• [How to complete this task] Unless it is a picture, every line from the start of the entries through the line with "layer by layer" must be retyped exactly.
(Material for this task begins)
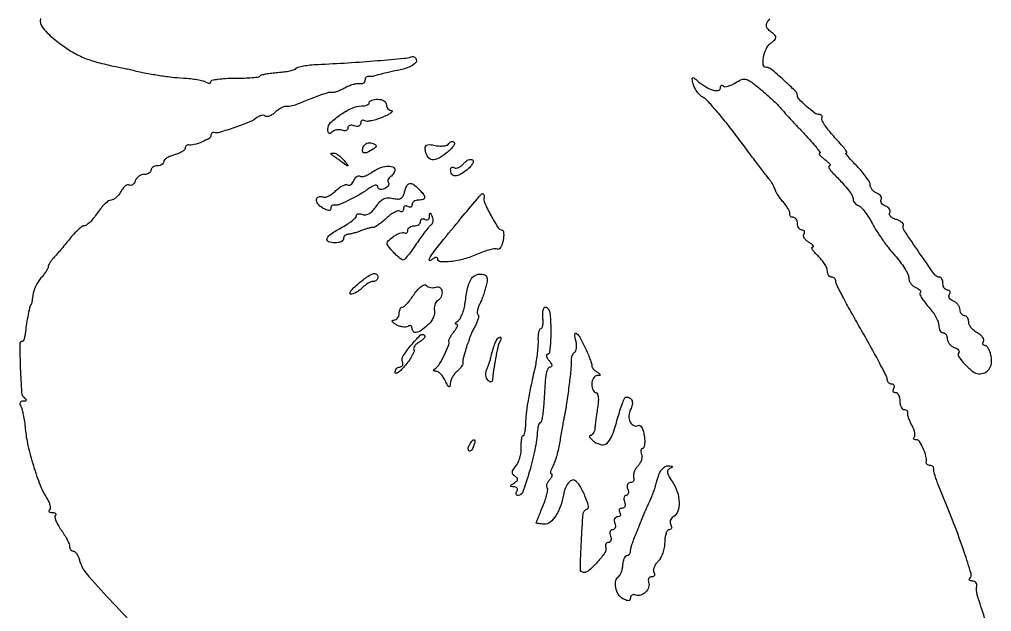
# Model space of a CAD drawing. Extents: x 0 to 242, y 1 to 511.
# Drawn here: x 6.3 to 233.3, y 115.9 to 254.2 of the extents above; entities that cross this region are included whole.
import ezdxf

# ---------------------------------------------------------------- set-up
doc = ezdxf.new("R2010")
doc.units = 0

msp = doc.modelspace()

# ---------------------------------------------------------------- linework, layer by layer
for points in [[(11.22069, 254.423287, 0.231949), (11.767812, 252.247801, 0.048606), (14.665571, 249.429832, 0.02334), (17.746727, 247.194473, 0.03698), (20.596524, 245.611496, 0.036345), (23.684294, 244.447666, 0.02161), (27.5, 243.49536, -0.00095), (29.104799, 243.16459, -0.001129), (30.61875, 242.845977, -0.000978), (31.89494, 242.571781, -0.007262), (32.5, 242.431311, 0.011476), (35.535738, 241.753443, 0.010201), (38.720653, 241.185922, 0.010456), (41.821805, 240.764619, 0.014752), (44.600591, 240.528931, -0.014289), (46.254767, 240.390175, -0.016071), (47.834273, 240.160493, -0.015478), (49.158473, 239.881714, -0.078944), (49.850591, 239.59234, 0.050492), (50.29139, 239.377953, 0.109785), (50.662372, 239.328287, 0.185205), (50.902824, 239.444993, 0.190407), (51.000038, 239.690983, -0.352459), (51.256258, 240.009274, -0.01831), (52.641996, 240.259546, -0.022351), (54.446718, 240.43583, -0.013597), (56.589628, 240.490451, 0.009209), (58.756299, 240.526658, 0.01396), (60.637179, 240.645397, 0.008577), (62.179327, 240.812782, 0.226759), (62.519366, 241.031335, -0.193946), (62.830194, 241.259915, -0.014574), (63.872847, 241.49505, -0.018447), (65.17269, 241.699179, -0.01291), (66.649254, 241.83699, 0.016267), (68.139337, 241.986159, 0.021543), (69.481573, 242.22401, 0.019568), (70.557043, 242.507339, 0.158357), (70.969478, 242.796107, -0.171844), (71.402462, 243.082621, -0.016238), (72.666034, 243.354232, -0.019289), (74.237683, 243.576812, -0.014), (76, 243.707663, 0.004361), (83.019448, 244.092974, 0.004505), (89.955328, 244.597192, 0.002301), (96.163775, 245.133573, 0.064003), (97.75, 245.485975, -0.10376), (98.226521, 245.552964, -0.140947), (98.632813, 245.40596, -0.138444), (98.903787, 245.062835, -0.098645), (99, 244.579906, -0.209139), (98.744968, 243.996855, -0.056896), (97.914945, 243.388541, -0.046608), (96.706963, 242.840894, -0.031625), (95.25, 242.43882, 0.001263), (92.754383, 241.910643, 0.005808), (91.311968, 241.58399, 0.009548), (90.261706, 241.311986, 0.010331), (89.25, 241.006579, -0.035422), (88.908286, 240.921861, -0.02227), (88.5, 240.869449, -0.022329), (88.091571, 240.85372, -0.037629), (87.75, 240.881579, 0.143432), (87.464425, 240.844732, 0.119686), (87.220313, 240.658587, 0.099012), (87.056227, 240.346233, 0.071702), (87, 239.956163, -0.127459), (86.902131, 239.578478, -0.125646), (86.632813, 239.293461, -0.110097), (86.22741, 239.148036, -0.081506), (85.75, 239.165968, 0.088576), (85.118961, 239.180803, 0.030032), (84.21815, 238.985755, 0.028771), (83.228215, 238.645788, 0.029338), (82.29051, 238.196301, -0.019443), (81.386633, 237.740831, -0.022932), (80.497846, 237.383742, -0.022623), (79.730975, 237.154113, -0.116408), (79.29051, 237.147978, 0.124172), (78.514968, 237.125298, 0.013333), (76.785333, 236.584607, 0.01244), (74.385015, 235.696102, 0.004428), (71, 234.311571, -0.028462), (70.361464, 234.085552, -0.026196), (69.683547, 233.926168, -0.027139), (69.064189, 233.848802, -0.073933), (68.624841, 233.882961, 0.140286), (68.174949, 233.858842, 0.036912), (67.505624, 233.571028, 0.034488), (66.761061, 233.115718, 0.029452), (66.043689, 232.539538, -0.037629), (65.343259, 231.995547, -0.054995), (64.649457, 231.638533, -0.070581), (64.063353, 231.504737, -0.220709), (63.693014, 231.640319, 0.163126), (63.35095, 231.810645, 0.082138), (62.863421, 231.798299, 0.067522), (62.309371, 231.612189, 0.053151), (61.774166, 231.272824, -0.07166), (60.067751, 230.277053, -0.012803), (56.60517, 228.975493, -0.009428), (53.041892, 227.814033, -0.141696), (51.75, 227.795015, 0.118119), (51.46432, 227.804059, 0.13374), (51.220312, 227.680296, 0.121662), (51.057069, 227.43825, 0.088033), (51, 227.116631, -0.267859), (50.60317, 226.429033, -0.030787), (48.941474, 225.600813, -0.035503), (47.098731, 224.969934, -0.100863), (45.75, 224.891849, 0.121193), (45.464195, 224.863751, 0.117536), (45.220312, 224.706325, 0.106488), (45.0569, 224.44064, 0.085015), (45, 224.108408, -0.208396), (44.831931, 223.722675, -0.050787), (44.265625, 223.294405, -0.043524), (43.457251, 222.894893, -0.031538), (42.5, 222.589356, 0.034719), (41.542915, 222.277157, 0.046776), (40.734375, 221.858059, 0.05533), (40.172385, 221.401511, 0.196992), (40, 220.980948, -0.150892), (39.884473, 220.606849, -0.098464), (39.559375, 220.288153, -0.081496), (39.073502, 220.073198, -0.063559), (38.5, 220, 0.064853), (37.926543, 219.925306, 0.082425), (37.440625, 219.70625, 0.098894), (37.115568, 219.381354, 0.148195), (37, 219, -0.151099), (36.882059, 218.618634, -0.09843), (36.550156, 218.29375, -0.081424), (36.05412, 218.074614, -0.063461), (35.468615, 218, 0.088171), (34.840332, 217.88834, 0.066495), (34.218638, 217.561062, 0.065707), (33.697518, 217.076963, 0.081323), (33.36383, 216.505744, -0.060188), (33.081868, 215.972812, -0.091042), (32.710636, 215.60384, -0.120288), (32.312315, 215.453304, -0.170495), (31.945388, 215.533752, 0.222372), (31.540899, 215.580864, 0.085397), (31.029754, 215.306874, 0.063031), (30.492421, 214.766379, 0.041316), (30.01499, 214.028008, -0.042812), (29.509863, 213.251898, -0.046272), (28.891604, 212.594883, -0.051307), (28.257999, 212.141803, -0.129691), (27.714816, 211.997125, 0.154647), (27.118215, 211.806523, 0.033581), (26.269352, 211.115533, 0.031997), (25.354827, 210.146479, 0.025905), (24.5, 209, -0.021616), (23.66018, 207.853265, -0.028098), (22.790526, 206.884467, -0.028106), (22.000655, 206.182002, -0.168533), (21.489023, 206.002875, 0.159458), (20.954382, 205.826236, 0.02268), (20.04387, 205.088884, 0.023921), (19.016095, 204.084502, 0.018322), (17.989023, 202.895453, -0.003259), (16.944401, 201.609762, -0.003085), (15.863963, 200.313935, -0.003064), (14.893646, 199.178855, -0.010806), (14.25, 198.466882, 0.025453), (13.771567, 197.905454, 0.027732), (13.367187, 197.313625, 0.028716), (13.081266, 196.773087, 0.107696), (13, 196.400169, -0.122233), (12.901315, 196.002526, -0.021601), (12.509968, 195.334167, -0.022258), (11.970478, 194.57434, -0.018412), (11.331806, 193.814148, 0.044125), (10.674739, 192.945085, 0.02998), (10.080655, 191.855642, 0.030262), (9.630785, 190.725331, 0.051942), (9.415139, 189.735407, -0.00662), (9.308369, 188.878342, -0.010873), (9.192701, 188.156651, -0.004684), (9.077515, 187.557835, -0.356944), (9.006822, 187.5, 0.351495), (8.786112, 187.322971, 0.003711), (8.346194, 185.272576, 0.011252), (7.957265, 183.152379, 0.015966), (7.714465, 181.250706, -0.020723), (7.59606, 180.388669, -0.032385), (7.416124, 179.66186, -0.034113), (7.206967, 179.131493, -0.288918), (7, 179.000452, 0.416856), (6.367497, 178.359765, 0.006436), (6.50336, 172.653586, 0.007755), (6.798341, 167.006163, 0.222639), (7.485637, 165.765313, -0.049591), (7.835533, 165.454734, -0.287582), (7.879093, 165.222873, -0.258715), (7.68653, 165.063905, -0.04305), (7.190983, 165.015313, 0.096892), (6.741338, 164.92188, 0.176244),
(Material for this task ends)
• [Solution for this task]
# Model space of a CAD drawing. Extents: x 0 to 242, y 1 to 511.
# Drawn here: x 6.3 to 233.3, y 115.9 to 254.2 of the extents above; entities that cross this region are included whole.
import ezdxf

# ---------------------------------------------------------------- set-up
doc = ezdxf.new("R2010")
doc.units = 0

msp = doc.modelspace()

# ---------------------------------------------------------------- linework, layer by layer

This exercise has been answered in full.